— About this exercise —
Beneath this instruction is a listing. Transcribe from it only the stretch from the line with "#1088 = DIRECTION" through the line with "#5709 = ORIENTED_EDGE", both end lines included, exactly as written.

— Exercise data —
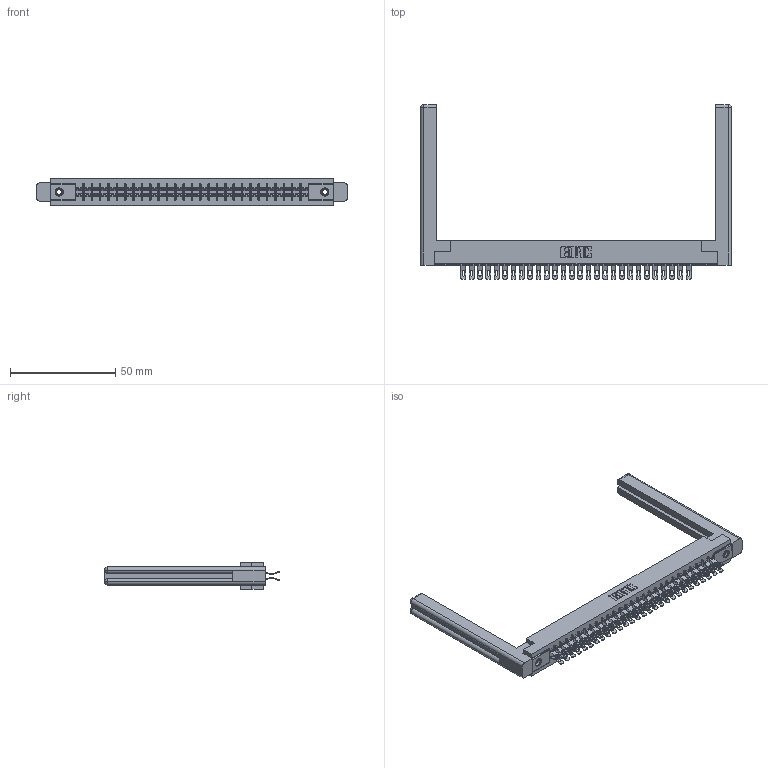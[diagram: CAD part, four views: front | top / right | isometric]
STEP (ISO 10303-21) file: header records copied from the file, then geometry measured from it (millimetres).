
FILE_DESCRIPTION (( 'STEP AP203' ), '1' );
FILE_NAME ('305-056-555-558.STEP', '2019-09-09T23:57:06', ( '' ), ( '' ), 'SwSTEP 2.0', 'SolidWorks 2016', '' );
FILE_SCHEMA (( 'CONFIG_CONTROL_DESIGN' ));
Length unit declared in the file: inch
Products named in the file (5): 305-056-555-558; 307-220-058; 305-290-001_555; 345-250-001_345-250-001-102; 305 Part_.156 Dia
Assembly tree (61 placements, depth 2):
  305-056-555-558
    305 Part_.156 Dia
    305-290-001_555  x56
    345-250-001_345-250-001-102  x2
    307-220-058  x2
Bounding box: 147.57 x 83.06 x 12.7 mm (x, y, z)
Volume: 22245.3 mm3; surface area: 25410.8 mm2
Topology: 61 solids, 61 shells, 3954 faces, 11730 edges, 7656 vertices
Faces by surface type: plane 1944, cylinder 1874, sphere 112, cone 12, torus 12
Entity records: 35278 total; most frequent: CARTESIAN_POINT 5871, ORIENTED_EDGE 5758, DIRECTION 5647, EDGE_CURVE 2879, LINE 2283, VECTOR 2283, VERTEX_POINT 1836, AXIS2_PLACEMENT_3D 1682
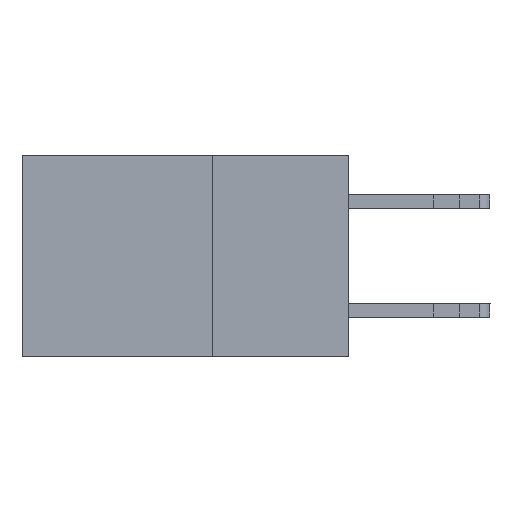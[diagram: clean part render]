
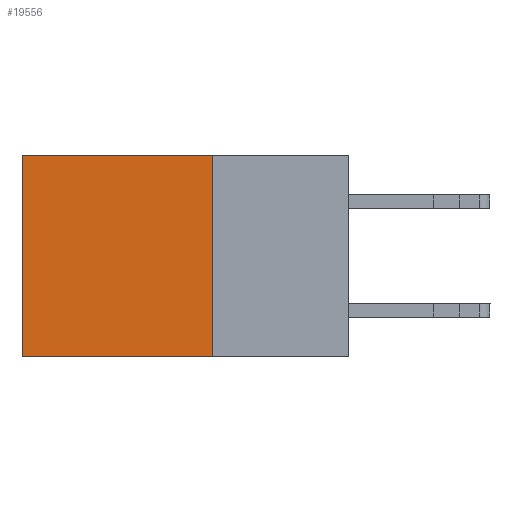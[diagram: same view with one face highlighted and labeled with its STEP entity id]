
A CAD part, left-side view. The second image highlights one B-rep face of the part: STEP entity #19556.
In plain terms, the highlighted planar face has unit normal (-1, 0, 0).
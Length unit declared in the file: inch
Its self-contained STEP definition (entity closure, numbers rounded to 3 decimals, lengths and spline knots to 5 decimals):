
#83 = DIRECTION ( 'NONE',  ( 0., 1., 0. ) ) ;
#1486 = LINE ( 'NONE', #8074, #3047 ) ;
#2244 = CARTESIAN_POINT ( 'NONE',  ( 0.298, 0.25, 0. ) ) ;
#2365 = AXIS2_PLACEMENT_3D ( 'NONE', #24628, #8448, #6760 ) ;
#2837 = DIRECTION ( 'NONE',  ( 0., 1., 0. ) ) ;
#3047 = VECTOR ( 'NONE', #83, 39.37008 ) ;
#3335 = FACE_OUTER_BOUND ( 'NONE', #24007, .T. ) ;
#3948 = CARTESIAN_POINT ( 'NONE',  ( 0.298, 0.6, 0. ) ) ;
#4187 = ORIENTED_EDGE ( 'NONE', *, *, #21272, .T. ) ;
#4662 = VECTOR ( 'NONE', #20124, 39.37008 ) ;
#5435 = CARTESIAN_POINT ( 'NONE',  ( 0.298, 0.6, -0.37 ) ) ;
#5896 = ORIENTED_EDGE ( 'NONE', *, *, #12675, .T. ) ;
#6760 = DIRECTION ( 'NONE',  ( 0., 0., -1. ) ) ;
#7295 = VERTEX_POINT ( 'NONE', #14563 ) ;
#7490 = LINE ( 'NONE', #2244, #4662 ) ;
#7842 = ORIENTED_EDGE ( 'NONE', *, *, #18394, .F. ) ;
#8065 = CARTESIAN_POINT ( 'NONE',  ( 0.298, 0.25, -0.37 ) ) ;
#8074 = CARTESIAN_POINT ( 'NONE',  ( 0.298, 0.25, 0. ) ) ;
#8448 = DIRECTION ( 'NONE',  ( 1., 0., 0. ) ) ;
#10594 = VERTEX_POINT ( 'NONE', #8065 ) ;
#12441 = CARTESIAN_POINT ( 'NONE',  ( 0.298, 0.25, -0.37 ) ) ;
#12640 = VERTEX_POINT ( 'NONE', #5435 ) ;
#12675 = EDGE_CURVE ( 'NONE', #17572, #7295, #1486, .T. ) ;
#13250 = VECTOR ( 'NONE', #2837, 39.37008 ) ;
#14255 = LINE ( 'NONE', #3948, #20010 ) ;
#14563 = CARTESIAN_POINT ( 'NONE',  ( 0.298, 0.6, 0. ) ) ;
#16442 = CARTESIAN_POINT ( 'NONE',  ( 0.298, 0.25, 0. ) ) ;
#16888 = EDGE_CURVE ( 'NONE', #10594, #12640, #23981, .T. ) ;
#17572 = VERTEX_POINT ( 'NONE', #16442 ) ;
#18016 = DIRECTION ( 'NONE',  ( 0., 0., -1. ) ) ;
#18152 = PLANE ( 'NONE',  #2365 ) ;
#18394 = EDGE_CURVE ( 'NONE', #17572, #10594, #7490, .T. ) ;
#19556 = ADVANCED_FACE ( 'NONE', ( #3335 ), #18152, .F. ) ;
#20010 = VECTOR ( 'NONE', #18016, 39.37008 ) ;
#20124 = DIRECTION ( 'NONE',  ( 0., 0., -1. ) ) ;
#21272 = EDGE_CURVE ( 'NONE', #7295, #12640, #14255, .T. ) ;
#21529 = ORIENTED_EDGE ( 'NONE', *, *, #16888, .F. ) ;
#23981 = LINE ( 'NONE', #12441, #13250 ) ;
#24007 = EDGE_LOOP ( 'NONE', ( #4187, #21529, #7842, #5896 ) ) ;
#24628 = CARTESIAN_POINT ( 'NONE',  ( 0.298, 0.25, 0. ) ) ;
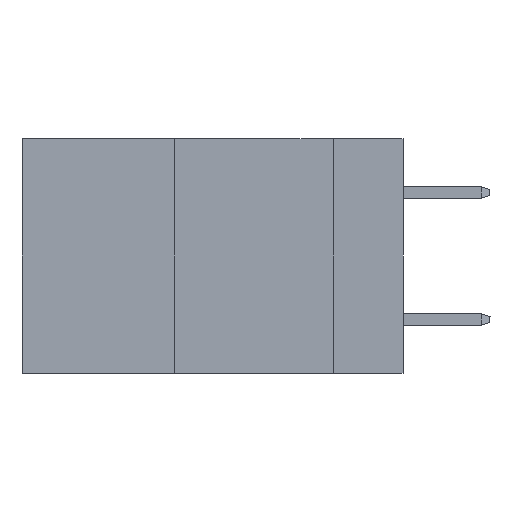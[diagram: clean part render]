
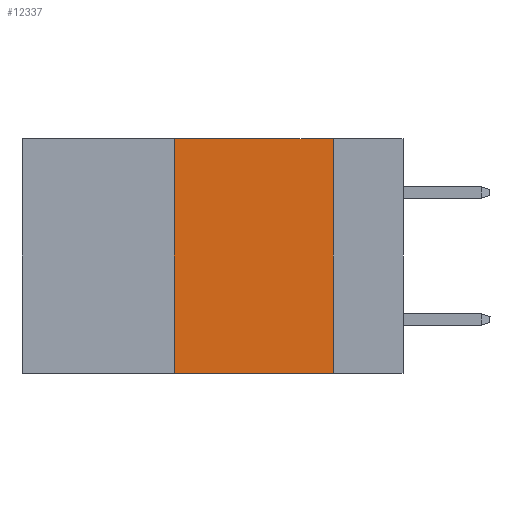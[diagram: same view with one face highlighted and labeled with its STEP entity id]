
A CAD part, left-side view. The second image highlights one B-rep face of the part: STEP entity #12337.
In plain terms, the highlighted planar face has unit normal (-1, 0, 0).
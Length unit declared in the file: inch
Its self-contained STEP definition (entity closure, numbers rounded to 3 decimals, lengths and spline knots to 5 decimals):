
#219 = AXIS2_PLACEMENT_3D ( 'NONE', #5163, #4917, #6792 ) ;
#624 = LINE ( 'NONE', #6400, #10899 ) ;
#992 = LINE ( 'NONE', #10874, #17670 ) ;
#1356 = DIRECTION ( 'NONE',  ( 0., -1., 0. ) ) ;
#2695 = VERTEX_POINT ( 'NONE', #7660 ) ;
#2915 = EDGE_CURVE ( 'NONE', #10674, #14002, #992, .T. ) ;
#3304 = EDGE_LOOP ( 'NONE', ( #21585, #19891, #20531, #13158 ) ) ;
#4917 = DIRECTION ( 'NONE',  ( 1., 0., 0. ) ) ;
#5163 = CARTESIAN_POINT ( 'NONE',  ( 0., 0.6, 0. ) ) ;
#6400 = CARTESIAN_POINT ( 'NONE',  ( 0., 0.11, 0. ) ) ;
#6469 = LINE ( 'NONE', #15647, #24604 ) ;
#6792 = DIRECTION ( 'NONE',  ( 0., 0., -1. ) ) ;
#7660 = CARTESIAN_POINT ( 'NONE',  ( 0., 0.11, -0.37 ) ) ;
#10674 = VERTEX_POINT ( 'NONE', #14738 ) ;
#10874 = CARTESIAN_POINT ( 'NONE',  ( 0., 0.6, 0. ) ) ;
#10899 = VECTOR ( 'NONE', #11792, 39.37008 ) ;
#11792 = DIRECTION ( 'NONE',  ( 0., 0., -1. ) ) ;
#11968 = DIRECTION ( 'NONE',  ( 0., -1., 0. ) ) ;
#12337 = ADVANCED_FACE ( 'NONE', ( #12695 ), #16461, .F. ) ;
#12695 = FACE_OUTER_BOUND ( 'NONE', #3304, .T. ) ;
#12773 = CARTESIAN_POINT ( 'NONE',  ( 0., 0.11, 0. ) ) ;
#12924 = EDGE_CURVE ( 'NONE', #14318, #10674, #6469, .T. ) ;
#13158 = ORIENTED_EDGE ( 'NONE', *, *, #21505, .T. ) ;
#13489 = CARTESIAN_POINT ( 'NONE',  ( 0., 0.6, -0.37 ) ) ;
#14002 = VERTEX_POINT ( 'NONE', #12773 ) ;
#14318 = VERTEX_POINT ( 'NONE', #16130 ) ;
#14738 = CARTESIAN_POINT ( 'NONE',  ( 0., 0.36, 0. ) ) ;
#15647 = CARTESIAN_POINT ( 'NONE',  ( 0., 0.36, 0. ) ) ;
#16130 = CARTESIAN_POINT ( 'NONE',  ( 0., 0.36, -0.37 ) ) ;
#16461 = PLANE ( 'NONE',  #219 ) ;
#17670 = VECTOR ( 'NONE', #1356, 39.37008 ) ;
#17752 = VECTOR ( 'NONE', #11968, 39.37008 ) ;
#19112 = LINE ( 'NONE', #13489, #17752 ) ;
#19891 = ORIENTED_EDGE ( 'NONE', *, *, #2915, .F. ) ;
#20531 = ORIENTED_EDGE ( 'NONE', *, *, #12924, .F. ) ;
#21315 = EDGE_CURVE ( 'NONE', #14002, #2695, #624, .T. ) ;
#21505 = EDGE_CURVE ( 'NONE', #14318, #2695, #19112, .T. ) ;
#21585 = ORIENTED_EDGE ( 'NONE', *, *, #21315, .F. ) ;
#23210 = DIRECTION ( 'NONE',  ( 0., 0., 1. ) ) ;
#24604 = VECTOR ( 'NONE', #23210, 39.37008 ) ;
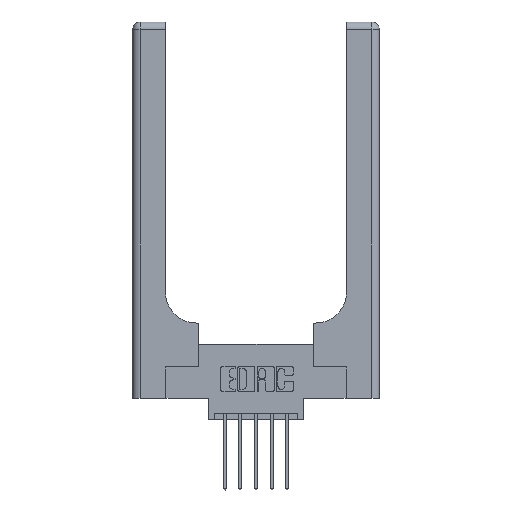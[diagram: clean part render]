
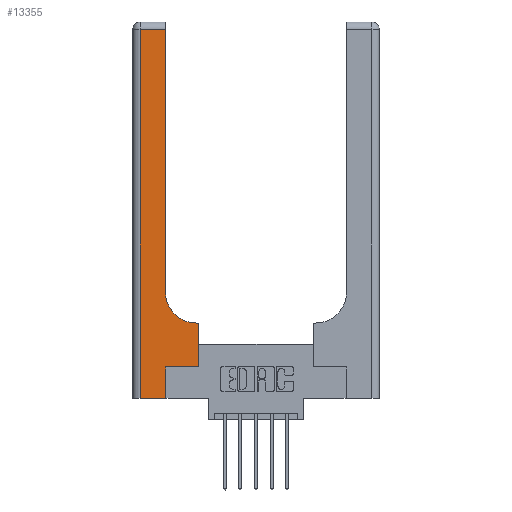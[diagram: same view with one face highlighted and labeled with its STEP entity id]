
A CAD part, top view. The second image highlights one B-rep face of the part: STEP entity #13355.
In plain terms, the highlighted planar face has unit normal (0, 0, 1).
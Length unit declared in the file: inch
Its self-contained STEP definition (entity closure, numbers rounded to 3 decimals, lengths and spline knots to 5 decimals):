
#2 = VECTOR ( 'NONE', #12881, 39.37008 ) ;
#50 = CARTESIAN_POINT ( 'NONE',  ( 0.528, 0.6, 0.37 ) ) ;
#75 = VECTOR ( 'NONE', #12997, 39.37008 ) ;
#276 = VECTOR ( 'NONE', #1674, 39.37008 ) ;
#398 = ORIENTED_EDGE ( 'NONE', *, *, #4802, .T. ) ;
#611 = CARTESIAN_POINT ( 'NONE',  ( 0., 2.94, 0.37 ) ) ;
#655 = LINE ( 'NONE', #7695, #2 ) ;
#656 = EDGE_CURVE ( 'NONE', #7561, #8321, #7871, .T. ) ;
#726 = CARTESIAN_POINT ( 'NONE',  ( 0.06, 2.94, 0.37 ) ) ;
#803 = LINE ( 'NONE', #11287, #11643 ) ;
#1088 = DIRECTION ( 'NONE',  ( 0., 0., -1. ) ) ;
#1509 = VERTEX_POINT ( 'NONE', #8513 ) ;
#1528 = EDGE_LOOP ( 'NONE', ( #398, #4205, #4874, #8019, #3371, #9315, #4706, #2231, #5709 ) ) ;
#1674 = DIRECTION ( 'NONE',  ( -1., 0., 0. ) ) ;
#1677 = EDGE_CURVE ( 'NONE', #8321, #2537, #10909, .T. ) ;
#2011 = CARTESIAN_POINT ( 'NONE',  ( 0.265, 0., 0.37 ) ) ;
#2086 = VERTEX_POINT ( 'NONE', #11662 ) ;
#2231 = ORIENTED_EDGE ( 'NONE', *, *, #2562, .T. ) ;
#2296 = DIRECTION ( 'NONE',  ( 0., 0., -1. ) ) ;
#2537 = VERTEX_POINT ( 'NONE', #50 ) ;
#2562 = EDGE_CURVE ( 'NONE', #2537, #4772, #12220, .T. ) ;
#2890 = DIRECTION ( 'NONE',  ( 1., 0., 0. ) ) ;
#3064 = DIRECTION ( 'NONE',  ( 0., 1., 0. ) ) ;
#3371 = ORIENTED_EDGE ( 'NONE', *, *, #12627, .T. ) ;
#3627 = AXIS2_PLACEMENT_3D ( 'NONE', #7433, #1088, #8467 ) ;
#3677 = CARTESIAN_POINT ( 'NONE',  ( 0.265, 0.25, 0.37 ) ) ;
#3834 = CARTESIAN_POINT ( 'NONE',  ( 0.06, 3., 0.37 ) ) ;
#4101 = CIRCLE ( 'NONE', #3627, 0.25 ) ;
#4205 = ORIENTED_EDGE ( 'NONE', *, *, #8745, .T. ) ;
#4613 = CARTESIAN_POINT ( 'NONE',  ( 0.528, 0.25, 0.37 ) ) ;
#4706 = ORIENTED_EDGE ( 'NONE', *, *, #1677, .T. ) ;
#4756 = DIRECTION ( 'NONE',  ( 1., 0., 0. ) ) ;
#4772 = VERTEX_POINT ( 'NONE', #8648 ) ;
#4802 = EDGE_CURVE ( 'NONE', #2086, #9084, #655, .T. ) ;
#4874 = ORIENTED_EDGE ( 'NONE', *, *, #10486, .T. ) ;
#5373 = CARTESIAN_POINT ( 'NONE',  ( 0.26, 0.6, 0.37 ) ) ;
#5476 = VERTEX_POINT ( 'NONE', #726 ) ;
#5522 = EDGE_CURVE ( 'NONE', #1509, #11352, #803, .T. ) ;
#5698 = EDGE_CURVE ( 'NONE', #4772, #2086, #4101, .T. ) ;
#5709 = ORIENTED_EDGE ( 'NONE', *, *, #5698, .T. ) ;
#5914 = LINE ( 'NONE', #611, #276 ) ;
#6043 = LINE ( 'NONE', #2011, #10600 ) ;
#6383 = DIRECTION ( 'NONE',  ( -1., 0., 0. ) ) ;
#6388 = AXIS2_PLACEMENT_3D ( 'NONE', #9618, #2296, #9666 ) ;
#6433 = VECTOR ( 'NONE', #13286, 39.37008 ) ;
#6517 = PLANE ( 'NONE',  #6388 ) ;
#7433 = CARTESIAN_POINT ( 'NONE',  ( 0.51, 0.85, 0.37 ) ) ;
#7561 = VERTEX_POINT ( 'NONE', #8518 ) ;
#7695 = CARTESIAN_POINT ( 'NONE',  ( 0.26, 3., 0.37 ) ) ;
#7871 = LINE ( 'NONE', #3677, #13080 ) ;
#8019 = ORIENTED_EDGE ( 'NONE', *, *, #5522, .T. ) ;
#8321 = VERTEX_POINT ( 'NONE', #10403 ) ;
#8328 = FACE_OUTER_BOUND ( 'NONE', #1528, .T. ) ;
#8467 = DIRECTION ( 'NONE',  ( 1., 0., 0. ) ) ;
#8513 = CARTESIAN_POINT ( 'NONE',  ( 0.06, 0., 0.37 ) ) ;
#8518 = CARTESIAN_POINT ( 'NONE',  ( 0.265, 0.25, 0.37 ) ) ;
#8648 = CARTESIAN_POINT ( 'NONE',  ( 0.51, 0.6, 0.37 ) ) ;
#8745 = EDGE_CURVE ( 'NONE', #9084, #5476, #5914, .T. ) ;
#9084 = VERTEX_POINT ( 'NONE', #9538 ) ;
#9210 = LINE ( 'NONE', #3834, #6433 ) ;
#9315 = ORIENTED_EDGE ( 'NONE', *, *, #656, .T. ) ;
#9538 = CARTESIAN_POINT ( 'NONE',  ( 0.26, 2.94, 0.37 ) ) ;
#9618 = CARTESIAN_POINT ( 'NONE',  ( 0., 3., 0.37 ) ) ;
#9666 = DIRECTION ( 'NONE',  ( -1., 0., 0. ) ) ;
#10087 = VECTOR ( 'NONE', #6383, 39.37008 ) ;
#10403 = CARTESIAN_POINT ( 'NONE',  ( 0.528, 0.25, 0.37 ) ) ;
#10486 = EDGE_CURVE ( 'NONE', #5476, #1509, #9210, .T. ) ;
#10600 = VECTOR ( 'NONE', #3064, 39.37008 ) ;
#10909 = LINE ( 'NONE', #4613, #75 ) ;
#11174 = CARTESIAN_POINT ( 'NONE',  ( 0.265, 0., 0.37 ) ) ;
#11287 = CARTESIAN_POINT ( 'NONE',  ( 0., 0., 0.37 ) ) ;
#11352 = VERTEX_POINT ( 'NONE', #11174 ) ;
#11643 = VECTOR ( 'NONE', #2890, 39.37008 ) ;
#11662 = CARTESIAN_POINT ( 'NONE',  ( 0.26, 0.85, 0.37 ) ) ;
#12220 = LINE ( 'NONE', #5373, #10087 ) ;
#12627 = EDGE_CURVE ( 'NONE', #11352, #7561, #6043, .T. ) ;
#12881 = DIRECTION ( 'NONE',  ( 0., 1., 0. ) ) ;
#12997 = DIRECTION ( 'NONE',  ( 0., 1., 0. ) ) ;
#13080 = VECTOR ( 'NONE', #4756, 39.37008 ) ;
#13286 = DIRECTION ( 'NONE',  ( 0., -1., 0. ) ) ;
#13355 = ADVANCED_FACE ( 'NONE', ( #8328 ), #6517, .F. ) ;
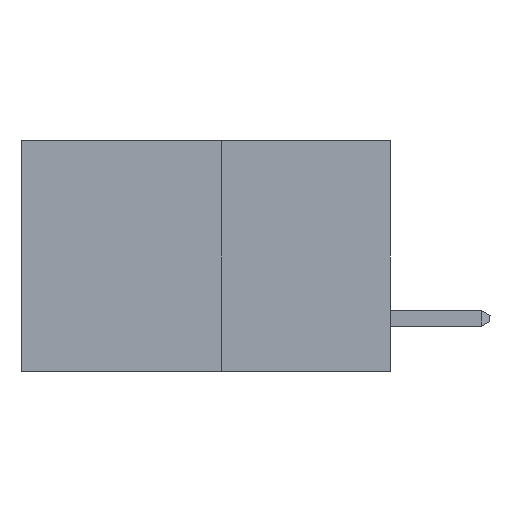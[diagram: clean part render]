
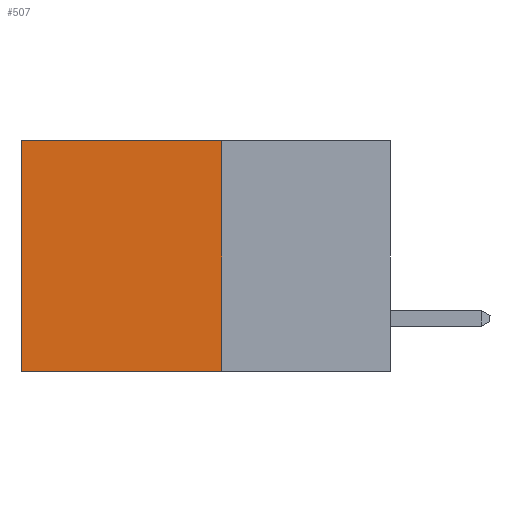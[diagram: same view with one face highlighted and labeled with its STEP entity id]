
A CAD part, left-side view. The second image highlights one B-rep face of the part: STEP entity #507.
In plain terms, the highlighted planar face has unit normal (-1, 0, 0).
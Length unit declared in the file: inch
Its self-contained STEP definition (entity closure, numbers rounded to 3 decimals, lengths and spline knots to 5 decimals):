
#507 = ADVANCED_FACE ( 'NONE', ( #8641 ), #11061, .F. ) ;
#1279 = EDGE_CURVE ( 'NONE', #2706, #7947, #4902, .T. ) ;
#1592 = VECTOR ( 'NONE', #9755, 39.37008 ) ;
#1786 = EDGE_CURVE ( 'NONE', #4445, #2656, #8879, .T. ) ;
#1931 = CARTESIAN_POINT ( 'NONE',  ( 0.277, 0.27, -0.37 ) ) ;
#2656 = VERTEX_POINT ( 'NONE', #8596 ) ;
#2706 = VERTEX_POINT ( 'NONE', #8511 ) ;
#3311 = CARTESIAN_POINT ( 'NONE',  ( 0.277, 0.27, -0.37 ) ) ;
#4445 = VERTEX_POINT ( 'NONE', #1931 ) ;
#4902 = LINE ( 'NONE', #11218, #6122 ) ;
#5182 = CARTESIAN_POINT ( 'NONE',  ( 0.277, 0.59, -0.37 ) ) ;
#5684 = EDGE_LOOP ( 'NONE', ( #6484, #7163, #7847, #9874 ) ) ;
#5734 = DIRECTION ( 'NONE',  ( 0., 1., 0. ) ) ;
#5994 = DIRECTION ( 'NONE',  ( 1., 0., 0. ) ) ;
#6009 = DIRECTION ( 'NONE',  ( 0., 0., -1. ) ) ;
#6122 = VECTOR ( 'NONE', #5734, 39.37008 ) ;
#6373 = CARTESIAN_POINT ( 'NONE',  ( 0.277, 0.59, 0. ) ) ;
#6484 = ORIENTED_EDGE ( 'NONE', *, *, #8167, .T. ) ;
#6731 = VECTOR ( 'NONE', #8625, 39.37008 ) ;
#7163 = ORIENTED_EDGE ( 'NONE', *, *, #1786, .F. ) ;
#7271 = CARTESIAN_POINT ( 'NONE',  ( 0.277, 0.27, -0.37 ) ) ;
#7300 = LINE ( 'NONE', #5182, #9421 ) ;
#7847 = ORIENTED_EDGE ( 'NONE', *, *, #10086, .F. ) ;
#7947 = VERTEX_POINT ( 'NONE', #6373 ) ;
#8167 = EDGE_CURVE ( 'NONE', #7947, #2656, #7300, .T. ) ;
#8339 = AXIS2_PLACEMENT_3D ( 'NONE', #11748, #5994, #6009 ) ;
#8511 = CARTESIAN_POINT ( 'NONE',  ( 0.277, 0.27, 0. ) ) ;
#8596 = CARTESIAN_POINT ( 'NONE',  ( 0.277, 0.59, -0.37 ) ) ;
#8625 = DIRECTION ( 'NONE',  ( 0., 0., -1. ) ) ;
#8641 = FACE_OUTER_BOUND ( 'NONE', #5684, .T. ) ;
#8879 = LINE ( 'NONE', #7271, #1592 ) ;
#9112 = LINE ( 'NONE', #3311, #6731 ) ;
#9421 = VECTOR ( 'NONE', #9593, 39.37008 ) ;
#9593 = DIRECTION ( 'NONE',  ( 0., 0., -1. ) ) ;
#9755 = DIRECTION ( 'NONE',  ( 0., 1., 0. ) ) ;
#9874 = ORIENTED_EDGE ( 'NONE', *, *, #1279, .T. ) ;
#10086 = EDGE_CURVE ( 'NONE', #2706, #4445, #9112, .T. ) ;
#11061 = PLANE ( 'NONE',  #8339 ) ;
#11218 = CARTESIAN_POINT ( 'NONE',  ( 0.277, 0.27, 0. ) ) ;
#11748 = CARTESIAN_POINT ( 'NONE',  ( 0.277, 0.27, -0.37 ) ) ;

— Exercise result —
#1088 = DIRECTION ( 'NONE',  ( 0., 0., -1. ) ) ;
#1509 = VERTEX_POINT ( 'NONE', #8513 ) ;
#1528 = EDGE_LOOP ( 'NONE', ( #398, #4205, #4874, #8019, #3371, #9315, #4706, #2231, #5709 ) ) ;
#1674 = DIRECTION ( 'NONE',  ( -1., 0., 0. ) ) ;
#1677 = EDGE_CURVE ( 'NONE', #8321, #2537, #10909, .T. ) ;
#2011 = CARTESIAN_POINT ( 'NONE',  ( 0.265, 0., 0.37 ) ) ;
#2086 = VERTEX_POINT ( 'NONE', #11662 ) ;
#2231 = ORIENTED_EDGE ( 'NONE', *, *, #2562, .T. ) ;
#2296 = DIRECTION ( 'NONE',  ( 0., 0., -1. ) ) ;
#2537 = VERTEX_POINT ( 'NONE', #50 ) ;
#2562 = EDGE_CURVE ( 'NONE', #2537, #4772, #12220, .T. ) ;
#2890 = DIRECTION ( 'NONE',  ( 1., 0., 0. ) ) ;
#3064 = DIRECTION ( 'NONE',  ( 0., 1., 0. ) ) ;
#3371 = ORIENTED_EDGE ( 'NONE', *, *, #12627, .T. ) ;
#3627 = AXIS2_PLACEMENT_3D ( 'NONE', #7433, #1088, #8467 ) ;
#3677 = CARTESIAN_POINT ( 'NONE',  ( 0.265, 0.25, 0.37 ) ) ;
#3834 = CARTESIAN_POINT ( 'NONE',  ( 0.06, 3., 0.37 ) ) ;
#4101 = CIRCLE ( 'NONE', #3627, 0.25 ) ;
#4205 = ORIENTED_EDGE ( 'NONE', *, *, #8745, .T. ) ;
#4613 = CARTESIAN_POINT ( 'NONE',  ( 0.528, 0.25, 0.37 ) ) ;
#4706 = ORIENTED_EDGE ( 'NONE', *, *, #1677, .T. ) ;
#4756 = DIRECTION ( 'NONE',  ( 1., 0., 0. ) ) ;
#4772 = VERTEX_POINT ( 'NONE', #8648 ) ;
#4802 = EDGE_CURVE ( 'NONE', #2086, #9084, #655, .T. ) ;
#4874 = ORIENTED_EDGE ( 'NONE', *, *, #10486, .T. ) ;
#5373 = CARTESIAN_POINT ( 'NONE',  ( 0.26, 0.6, 0.37 ) ) ;
#5476 = VERTEX_POINT ( 'NONE', #726 ) ;
#5522 = EDGE_CURVE ( 'NONE', #1509, #11352, #803, .T. ) ;
#5698 = EDGE_CURVE ( 'NONE', #4772, #2086, #4101, .T. ) ;
#5709 = ORIENTED_EDGE ( 'NONE', *, *, #5698, .T. ) ;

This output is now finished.